The ongoing transition to a renewable energy mix has raised the profile of demand response. But what is demand response and how is AGL embracing it to assist in overall reliable energy supply?
What is demand response?
Demand response means that a customer reduces their electricity demand at a particular time, upon request, in return for an incentive. The request to reduce electricity demand usually coincides with peak demand periods, high wholesale prices or an event which can cause (or has caused) stress on the grid.
The result is a reduction in energy consumption to lessen the load at peak times.
In the commercial and industrial (C&I) space, businesses like steel mills, cool stores, water utilities, data centres, and many others can reduce their electricity demand for one or more hours at a time with generally minimal impact on their business.
What’s the benefit of demand response?
Demand response offers support to the market operator AEMO by providing emergency reserve capacity for when there is not enough generation to match demand.
Demand response can also be offered to electrical network companies as an alternative to costly network upgrades, or to ease grid constraints.
Ongoing demand response programs
In 2017, AGL was one of eight businesses selected to participate in the joint ARENA / AEMO Demand Response Short Notice Reliability and Emergency Reserve Trader (RERT) Trial, with support from the NSW Government for NSW-based projects.
The joint $35.7 million initiative will deliver a total of 200 megawatts (MW) of capacity by 2020, with AGL contributing 17 MW of C&I demand response, as well as 3 MW of residential demand response.
The residential component is being progressively accumulated over three years and last summer we reached our target of 2 MW.
For the C&I portfolio, in our May 2019 test, AGL achieved 21 MW against the 17 MW target.
In October 2018, AGL won a milestone demand response contract with TransGrid, the NSW electricity transmission company. Of the 21 underground cables that supply the Sydney CBD and inner-south suburbs of Sydney, six have now reached the end of their economic life. As can be imagined, replacing a cable in the middle of the Sydney CBD is a daunting task, with considerable disruptions to traffic and businesses.
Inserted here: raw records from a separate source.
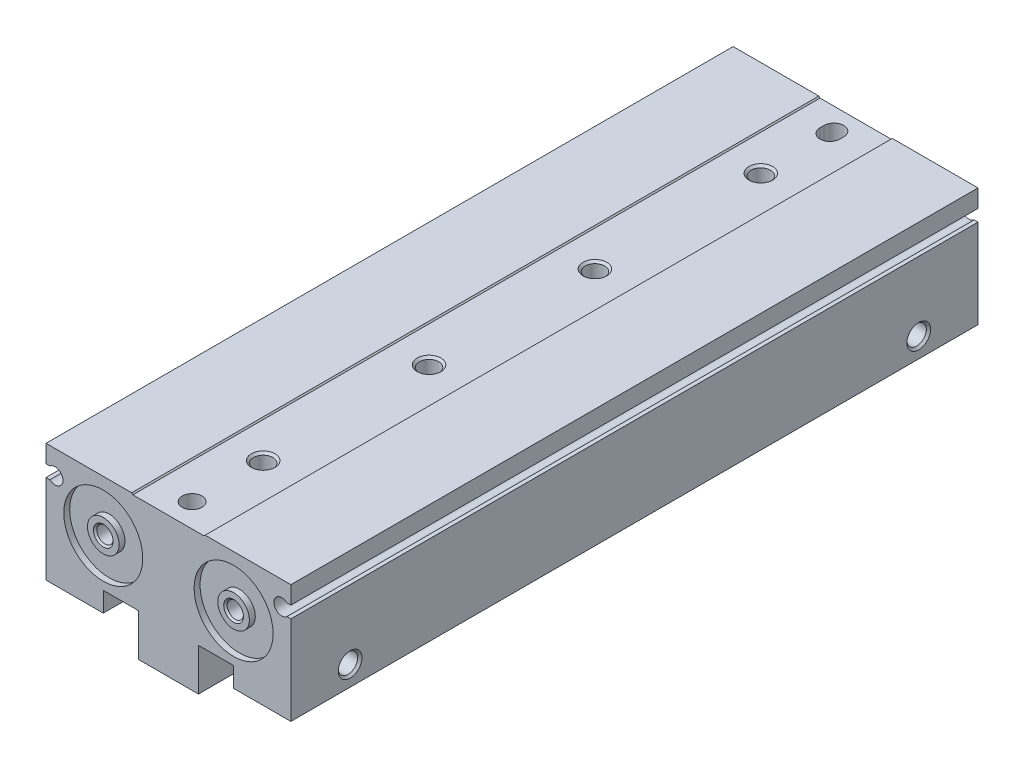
ISO-10303-21;
HEADER;
FILE_DESCRIPTION(('STEP AP214'),'2;1');
FILE_NAME('part.step','',(''),(''),'','','');
FILE_SCHEMA(('AUTOMOTIVE_DESIGN { 1 0 10303 214 1 1 1 1 }'));
ENDSEC;
DATA;
#1=APPLICATION_CONTEXT('core data for automotive mechanical design processes');
#2=APPLICATION_PROTOCOL_DEFINITION('international standard','automotive_design',2000,#1);
#3=PRODUCT_CONTEXT('',#1,'mechanical');
#4=PRODUCT('Part','Part','',(#3));
#5=PRODUCT_RELATED_PRODUCT_CATEGORY('part','',(#4));
#6=PRODUCT_DEFINITION_FORMATION('','',#4);
#7=PRODUCT_DEFINITION_CONTEXT('part definition',#1,'design');
#8=PRODUCT_DEFINITION('design','',#6,#7);
#9=PRODUCT_DEFINITION_SHAPE('','',#8);
#10=(LENGTH_UNIT() NAMED_UNIT(*) SI_UNIT(.MILLI.,.METRE.));
#11=(NAMED_UNIT(*) PLANE_ANGLE_UNIT() SI_UNIT($,.RADIAN.));
#12=(NAMED_UNIT(*) SI_UNIT($,.STERADIAN.) SOLID_ANGLE_UNIT());
#13=UNCERTAINTY_MEASURE_WITH_UNIT(LENGTH_MEASURE(1.E-05),#10,'distance_accuracy_value','');
#14=(GEOMETRIC_REPRESENTATION_CONTEXT(3) GLOBAL_UNCERTAINTY_ASSIGNED_CONTEXT((#13)) GLOBAL_UNIT_ASSIGNED_CONTEXT((#10,
#11,#12)) REPRESENTATION_CONTEXT('',''));
#15=CARTESIAN_POINT('',(0.,0.,0.));
#16=DIRECTION('',(0.,0.,1.));
#17=DIRECTION('',(1.,0.,0.));
#18=AXIS2_PLACEMENT_3D('',#15,#16,#17);
#19=CARTESIAN_POINT('',(7.6,-25.,-25.8));
#20=DIRECTION('',(0.,-1.,0.));
#21=DIRECTION('',(1.,0.,0.));
#22=AXIS2_PLACEMENT_3D('',#19,#20,#21);
#23=PLANE('',#22);
#24=DIRECTION('',(1.,0.,0.));
#25=VECTOR('',#24,1.);
#26=CARTESIAN_POINT('',(7.6,-25.,-25.8));
#27=LINE('',#26,#25);
#28=CARTESIAN_POINT('',(7.6,-25.,-25.8));
#29=VERTEX_POINT('',#28);
#30=CARTESIAN_POINT('',(16.5,-25.,-25.8));
#31=VERTEX_POINT('',#30);
#32=EDGE_CURVE('E251',#29,#31,#27,.T.);
#33=ORIENTED_EDGE('',*,*,#32,.T.);
#34=DIRECTION('',(0.,0.,1.));
#35=VECTOR('',#34,1.);
#36=CARTESIAN_POINT('',(16.5,-25.,-25.8));
#37=LINE('',#36,#35);
#38=CARTESIAN_POINT('',(16.5,-25.,87.));
#39=VERTEX_POINT('',#38);
#40=EDGE_CURVE('E264',#39,#31,#37,.F.);
#41=ORIENTED_EDGE('',*,*,#40,.F.);
#42=DIRECTION('',(-1.,0.,0.));
#43=VECTOR('',#42,1.);
#44=CARTESIAN_POINT('',(16.5,-25.,87.));
#45=LINE('',#44,#43);
#46=CARTESIAN_POINT('',(7.6,-25.,87.));
#47=VERTEX_POINT('',#46);
#48=EDGE_CURVE('E272',#47,#39,#45,.F.);
#49=ORIENTED_EDGE('',*,*,#48,.F.);
#50=DIRECTION('',(0.,0.,-1.));
#51=VECTOR('',#50,1.);
#52=CARTESIAN_POINT('',(7.6,-25.,87.));
#53=LINE('',#52,#51);
#54=EDGE_CURVE('E266',#47,#29,#53,.T.);
#55=ORIENTED_EDGE('',*,*,#54,.T.);
#56=EDGE_LOOP('',(#33,#41,#49,#55));
#57=FACE_BOUND('',#56,.T.);
#58=ADVANCED_FACE('F16',(#57),#23,.T.);
#59=CARTESIAN_POINT('',(7.6,-25.,-87.));
#60=DIRECTION('',(0.,-1.,0.));
#61=DIRECTION('',(1.,0.,0.));
#62=AXIS2_PLACEMENT_3D('',#59,#60,#61);
#63=PLANE('',#62);
#64=DIRECTION('',(-1.,0.,0.));
#65=VECTOR('',#64,1.);
#66=CARTESIAN_POINT('',(16.5,-25.,-66.8));
#67=LINE('',#66,#65);
#68=CARTESIAN_POINT('',(16.5,-25.,-66.8));
#69=VERTEX_POINT('',#68);
#70=CARTESIAN_POINT('',(7.6,-25.,-66.8));
#71=VERTEX_POINT('',#70);
#72=EDGE_CURVE('E283',#69,#71,#67,.T.);
#73=ORIENTED_EDGE('',*,*,#72,.T.);
#74=DIRECTION('',(0.,0.,-1.));
#75=VECTOR('',#74,1.);
#76=CARTESIAN_POINT('',(7.6,-25.,-66.8));
#77=LINE('',#76,#75);
#78=CARTESIAN_POINT('',(7.6,-25.,-87.));
#79=VERTEX_POINT('',#78);
#80=EDGE_CURVE('E288',#71,#79,#77,.T.);
#81=ORIENTED_EDGE('',*,*,#80,.T.);
#82=DIRECTION('',(1.,0.,0.));
#83=VECTOR('',#82,1.);
#84=CARTESIAN_POINT('',(7.6,-25.,-87.));
#85=LINE('',#84,#83);
#86=CARTESIAN_POINT('',(16.5,-25.,-87.));
#87=VERTEX_POINT('',#86);
#88=EDGE_CURVE('E293',#79,#87,#85,.T.);
#89=ORIENTED_EDGE('',*,*,#88,.T.);
#90=DIRECTION('',(0.,0.,1.));
#91=VECTOR('',#90,1.);
#92=CARTESIAN_POINT('',(16.5,-25.,-87.));
#93=LINE('',#92,#91);
#94=EDGE_CURVE('E298',#69,#87,#93,.F.);
#95=ORIENTED_EDGE('',*,*,#94,.F.);
#96=EDGE_LOOP('',(#73,#81,#89,#95));
#97=FACE_BOUND('',#96,.T.);
#98=ADVANCED_FACE('F990',(#97),#63,.T.);
#99=CARTESIAN_POINT('',(-16.5,-25.,66.8));
#100=DIRECTION('',(0.,-1.,0.));
#101=DIRECTION('',(1.,0.,0.));
#102=AXIS2_PLACEMENT_3D('',#99,#100,#101);
#103=PLANE('',#102);
#104=DIRECTION('',(1.,0.,0.));
#105=VECTOR('',#104,1.);
#106=CARTESIAN_POINT('',(-16.5,-25.,66.8));
#107=LINE('',#106,#105);
#108=CARTESIAN_POINT('',(-16.5,-25.,66.8));
#109=VERTEX_POINT('',#108);
#110=CARTESIAN_POINT('',(-7.6,-25.,66.8));
#111=VERTEX_POINT('',#110);
#112=EDGE_CURVE('E303',#109,#111,#107,.T.);
#113=ORIENTED_EDGE('',*,*,#112,.T.);
#114=DIRECTION('',(0.,0.,1.));
#115=VECTOR('',#114,1.);
#116=CARTESIAN_POINT('',(-7.6,-25.,66.8));
#117=LINE('',#116,#115);
#118=CARTESIAN_POINT('',(-7.6,-25.,87.));
#119=VERTEX_POINT('',#118);
#120=EDGE_CURVE('E308',#119,#111,#117,.F.);
#121=ORIENTED_EDGE('',*,*,#120,.F.);
#122=DIRECTION('',(-1.,0.,0.));
#123=VECTOR('',#122,1.);
#124=CARTESIAN_POINT('',(-7.6,-25.,87.));
#125=LINE('',#124,#123);
#126=CARTESIAN_POINT('',(-16.5,-25.,87.));
#127=VERTEX_POINT('',#126);
#128=EDGE_CURVE('E313',#127,#119,#125,.F.);
#129=ORIENTED_EDGE('',*,*,#128,.F.);
#130=DIRECTION('',(0.,0.,-1.));
#131=VECTOR('',#130,1.);
#132=CARTESIAN_POINT('',(-16.5,-25.,87.));
#133=LINE('',#132,#131);
#134=EDGE_CURVE('E317',#127,#109,#133,.T.);
#135=ORIENTED_EDGE('',*,*,#134,.T.);
#136=EDGE_LOOP('',(#113,#121,#129,#135));
#137=FACE_BOUND('',#136,.T.);
#138=ADVANCED_FACE('F995',(#137),#103,.T.);
#139=CARTESIAN_POINT('',(-16.5,-25.,-87.));
#140=DIRECTION('',(0.,-1.,0.));
#141=DIRECTION('',(1.,0.,0.));
#142=AXIS2_PLACEMENT_3D('',#139,#140,#141);
#143=PLANE('',#142);
#144=DIRECTION('',(-1.,0.,0.));
#145=VECTOR('',#144,1.);
#146=CARTESIAN_POINT('',(-7.6,-25.,25.8));
#147=LINE('',#146,#145);
#148=CARTESIAN_POINT('',(-7.6,-25.,25.8));
#149=VERTEX_POINT('',#148);
#150=CARTESIAN_POINT('',(-16.5,-25.,25.8));
#151=VERTEX_POINT('',#150);
#152=EDGE_CURVE('E322',#149,#151,#147,.T.);
#153=ORIENTED_EDGE('',*,*,#152,.T.);
#154=DIRECTION('',(0.,0.,-1.));
#155=VECTOR('',#154,1.);
#156=CARTESIAN_POINT('',(-16.5,-25.,25.8));
#157=LINE('',#156,#155);
#158=CARTESIAN_POINT('',(-16.5,-25.,-87.));
#159=VERTEX_POINT('',#158);
#160=EDGE_CURVE('E327',#151,#159,#157,.T.);
#161=ORIENTED_EDGE('',*,*,#160,.T.);
#162=DIRECTION('',(1.,0.,0.));
#163=VECTOR('',#162,1.);
#164=CARTESIAN_POINT('',(-16.5,-25.,-87.));
#165=LINE('',#164,#163);
#166=CARTESIAN_POINT('',(-7.6,-25.,-87.));
#167=VERTEX_POINT('',#166);
#168=EDGE_CURVE('E332',#159,#167,#165,.T.);
#169=ORIENTED_EDGE('',*,*,#168,.T.);
#170=DIRECTION('',(0.,0.,1.));
#171=VECTOR('',#170,1.);
#172=CARTESIAN_POINT('',(-7.6,-25.,-87.));
#173=LINE('',#172,#171);
#174=EDGE_CURVE('E337',#149,#167,#173,.F.);
#175=ORIENTED_EDGE('',*,*,#174,.F.);
#176=EDGE_LOOP('',(#153,#161,#169,#175));
#177=FACE_BOUND('',#176,.T.);
#178=ADVANCED_FACE('F1001',(#177),#143,.T.);
#179=CARTESIAN_POINT('',(-31.,-7.5,87.));
#180=DIRECTION('',(0.,1.,0.));
#181=DIRECTION('',(1.,0.,0.));
#182=AXIS2_PLACEMENT_3D('',#179,#180,#181);
#183=PLANE('',#182);
#184=DIRECTION('',(-1.,0.,0.));
#185=VECTOR('',#184,1.);
#186=CARTESIAN_POINT('',(-30.022875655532,-7.5,-87.));
#187=LINE('',#186,#185);
#188=CARTESIAN_POINT('',(-30.022875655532,-7.5,-87.));
#189=VERTEX_POINT('',#188);
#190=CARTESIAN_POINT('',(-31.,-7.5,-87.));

TransGrid, and the local distribution company Ausgrid, are planning to replace these older cables. To ensure the existing network isn’t overstressed in the meantime during summer, AGL was engaged to provide 20 MW of demand response in the required area for four years.
Meanwhile, TransGrid has commenced early works to install underground cable conduits which will bring a new 330 kV cable into the Sydney CBD by FY23.
The significance of the TransGrid demand response contract is that it is the first such agreement for AGL with a network company.
TransGrid has started to construct an underground cable conduit (orange) which will bring a new 330 kV cable into the Sydney CBD
Opportunities on the horizon
The energy rule-maker AEMC is looking at several reforms that would provide more opportunities for commercial and industrial participants to provide demand response. It has proposed that demand response from large customers should be able to be offered and scheduled directly into the wholesale spot market. It has also proposed that transmission companies should be able to access funding for innovative demand management projects that could help address network issues.
In the future, even more opportunities are expected for demand response, which can not only help improve grid stability and wholesale price, but also to support the booming renewable energy portion of the electricity supply mix.